O processo de privatização da companhia aérea cabo-verdiana TACV prevê a venda total da empresa, reservando 51% do capital para um parceiro estratégico, 39% das ações para investidores institucionais e 10% para emigrantes e trabalhadores.

O decreto-lei que estabelece o regime jurídico da privatização do capital social dos Transportes Aéreos de Cabo Verde (TACV) foi publicado na quinta-feira no Boletim Oficial e vigora a partir de hoje, no mesmo dia em que a empresa estimava retomar os voos internacionais, suspensos desde o início do mês devido a uma avaria do seu único Boeing, informa a agência Lusa.

A privatização do capital será feita através de venda direta, por negociação particular, a um parceiro estratégico, que poderá comprar até 51 por cento do capital, e a investidores institucionais (empresas e instituições financeiras), públicos ou privados, que terão à disposição 39% das ações.

Prevista está também a alienação, em partes iguais, de 10% do capital para emigrantes e trabalhadores da empresa.

A venda direta será decretada pelo Conselho de Ministros e poderá ser realizada em uma ou várias fases “consoante a opção que melhor se adeque à prossecução dos objetivos do processo de privatização”, estipula o decreto.

O parceiro estratégico deverá ter “experiência técnica e de gestão no setor da aviação, idoneidade e capacidade financeira” e, no caso de se tratar de um consórcio ou grupo, deverá incluir uma sociedade comercial com experiência relevante no transporte aéreo internacional de passageiros.

Reforço da capacidade económico-financeira e da estrutura do capital da TACV, capacidade para assegurar o cumprimento das obrigações de serviço público e valor proposto para a compra das ações são outros critérios definidos para a escolha do parceiro.

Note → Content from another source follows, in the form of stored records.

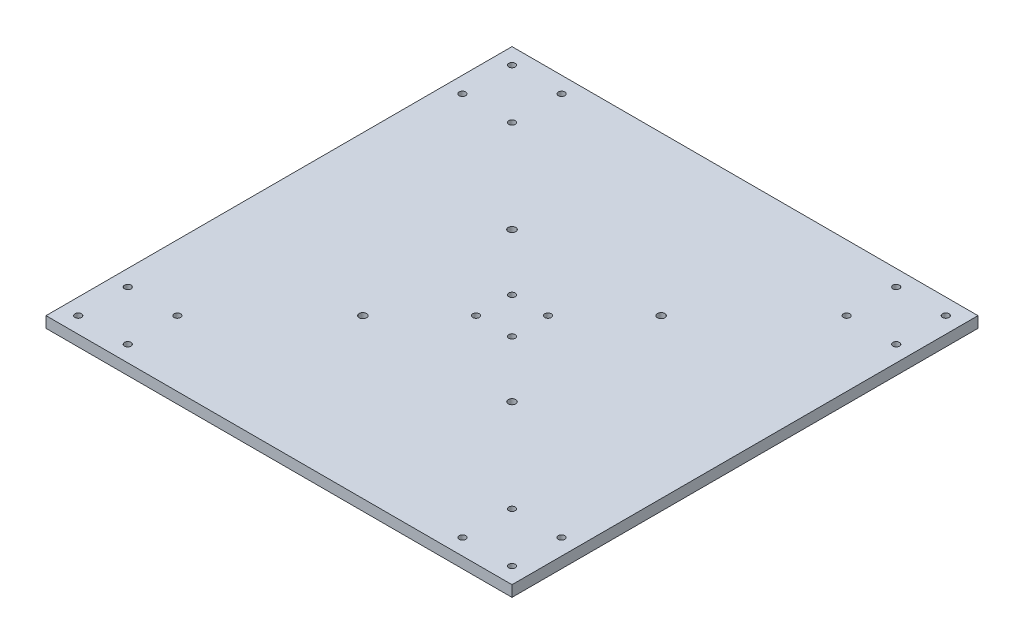
SolidWorks part; units mm, degrees
ref_plane "Front Plane" through (0, 0, 0) normal (0, 0, 1) x (1, 0, 0)
ref_plane "Top Plane" through (0, 0, 0) normal (0, 1, 0) x (1, 0, 0)
ref_plane "Right Plane" through (0, 0, 0) normal (1, 0, 0) x (0, 0, -1)
sketch "Sketch1" plane through (0, 0, 0) normal (0, 1, 0) x (1, 0, 0)
  line L0 (90.9322, -117.8816) -> (117.8816, -117.8816) construction
  line L1 (-126.6319, -126.6319) -> (126.6319, -126.6319)
  line L2 (-126.6319, -126.6319) -> (-126.6319, 126.6319)
  line L3 (-126.6319, 126.6319) -> (126.6319, 126.6319)
  line L4 (126.6319, -126.6319) -> (126.6319, 126.6319)
  line L5 (-126.6319, -126.6319) -> (126.6319, 126.6319) construction
  line L6 (-126.6319, 126.6319) -> (126.6319, -126.6319) construction
  line L7 (-104.4069, 104.4069) -> (104.4069, 104.4069) construction
  line L8 (-104.4069, 104.4069) -> (-104.4069, -104.4069) construction
  line L9 (-104.4069, -104.4069) -> (104.4069, -104.4069) construction
  line L10 (104.4069, 104.4069) -> (104.4069, -104.4069) construction
  line L11 (-104.4069, 104.4069) -> (104.4069, -104.4069) construction
  line L12 (-104.4069, -104.4069) -> (104.4069, 104.4069) construction
  line L13 (-117.8816, -117.8816) -> (-90.9322, -117.8816) construction
  line L14 (-117.8816, -117.8816) -> (-117.8816, -90.9322) construction
  line L15 (-117.8816, -90.9322) -> (-90.9322, -90.9322) construction
  line L16 (-90.9322, -117.8816) -> (-90.9322, -90.9322) construction
  line L17 (-117.8816, -117.8816) -> (-90.9322, -90.9322) construction
  line L18 (-117.8816, -90.9322) -> (-90.9322, -117.8816) construction
  line L19 (90.9322, -117.8816) -> (90.9322, -90.9322) construction
  line L20 (90.9322, -90.9322) -> (117.8816, -90.9322) construction
  line L21 (117.8816, -117.8816) -> (117.8816, -90.9322) construction
  line L22 (90.9322, -117.8816) -> (117.8816, -90.9322) construction
  line L23 (90.9322, -90.9322) -> (117.8816, -117.8816) construction
  line L25 (90.9322, 90.9322) -> (117.8816, 90.9322) construction
  line L26 (90.9322, 90.9322) -> (90.9322, 117.8816) construction
  line L27 (90.9322, 117.8816) -> (117.8816, 117.8816) construction
  line L28 (117.8816, 90.9322) -> (117.8816, 117.8816) construction
  line L29 (90.9322, 90.9322) -> (117.8816, 117.8816) construction
  line L30 (90.9322, 117.8816) -> (117.8816, 90.9322) construction
  line L31 (-117.8816, 90.9322) -> (-90.9322, 90.9322) construction
  line L32 (-117.8816, 90.9322) -> (-117.8816, 117.8816) construction
  line L33 (-117.8816, 117.8816) -> (-90.9322, 117.8816) construction
  line L34 (-90.9322, 90.9322) -> (-90.9322, 117.8816) construction
  line L35 (-117.8816, 90.9322) -> (-90.9322, 117.8816) construction
  line L36 (-117.8816, 117.8816) -> (-90.9322, 90.9322) construction
  line L38 (-9.779, 9.779) -> (9.779, 9.779) construction
  line L39 (-9.779, 9.779) -> (-9.779, -9.779) construction
  line L40 (-9.779, -9.779) -> (9.779, -9.779) construction
  line L41 (-42.8642, -42.8642) -> (42.8642, 42.8642) construction
  line L42 (-42.8642, 42.8642) -> (42.8642, -42.8642) construction
  line L43 (-40.513, -40.513) -> (40.513, -40.513) construction
  line L44 (-40.513, -40.513) -> (-40.513, 40.513) construction
  line L45 (-40.513, 40.513) -> (40.513, 40.513) construction
  line L46 (40.513, -40.513) -> (40.513, 40.513) construction
  line L47 (-40.513, -40.513) -> (40.513, 40.513) construction
  line L48 (-40.513, 40.513) -> (40.513, -40.513) construction
  line L49 (9.779, 9.779) -> (9.779, -9.779) construction
  line L50 (-9.779, 9.779) -> (9.779, -9.779) construction
  line L51 (-9.779, -9.779) -> (9.779, 9.779) construction
  circle A0 centre (-117.8816, -117.8816) radius 1.778
  circle A1 centre (-90.9322, -117.8816) radius 1.778
  circle A2 centre (-117.8816, -90.9322) radius 1.778
  circle A3 centre (-90.9322, -90.9322) radius 1.778
  circle A4 centre (90.9322, -117.8816) radius 1.778
  circle A5 centre (117.8816, -117.8816) radius 1.778
  circle A6 centre (90.9322, -90.9322) radius 1.778
  circle A7 centre (117.8816, -90.9322) radius 1.778
  circle A8 centre (90.9322, 90.9322) radius 1.778
  circle A9 centre (117.8816, 90.9322) radius 1.778
  circle A10 centre (90.9322, 117.8816) radius 1.778
  circle A11 centre (117.8816, 117.8816) radius 1.778
  circle A12 centre (-117.8816, 90.9322) radius 1.778
  circle A13 centre (-90.9322, 90.9322) radius 1.778
  circle A14 centre (-117.8816, 117.8816) radius 1.778
  circle A15 centre (-90.9322, 117.8816) radius 1.778
  circle A16 centre (-9.779, -9.779) radius 1.778
  circle A17 centre (-40.513, 40.513) radius 2.032
  circle A18 centre (40.513, 40.513) radius 2.032
  circle A19 centre (-40.513, -40.513) radius 2.032
  circle A20 centre (40.513, -40.513) radius 2.032
  circle A21 centre (9.779, -9.779) radius 1.778
  circle A22 centre (-9.779, 9.779) radius 1.778
  circle A23 centre (9.779, 9.779) radius 1.778
  point P0 (0, 0)
  point P6 (0, 0)
  point P11 (0, 0)
  point P50 (0, 0)
  dimension "D1" = 22.225
extrude "Boss-Extrude1" add sketch "Sketch1" along normal blind 5.9944

Caso não seja possível negociar a totalidade do capital através da venda direta, o decreto prevê a possibilidade de venda das ações sobrantes no prazo de dois anos “através da notificação a investidores de referência”.

As ações destinadas aos trabalhadores da empresa beneficiarão de um desconto de 15% relativamente ao valor médio de avaliação.

A companhia aérea pública cabo-verdiana está em processo de reestruturação com vista à sua privatização, tendo o Governo assinado com o grupo islandês Icelandair um contrato de gestão da empresa pelo período de um ano.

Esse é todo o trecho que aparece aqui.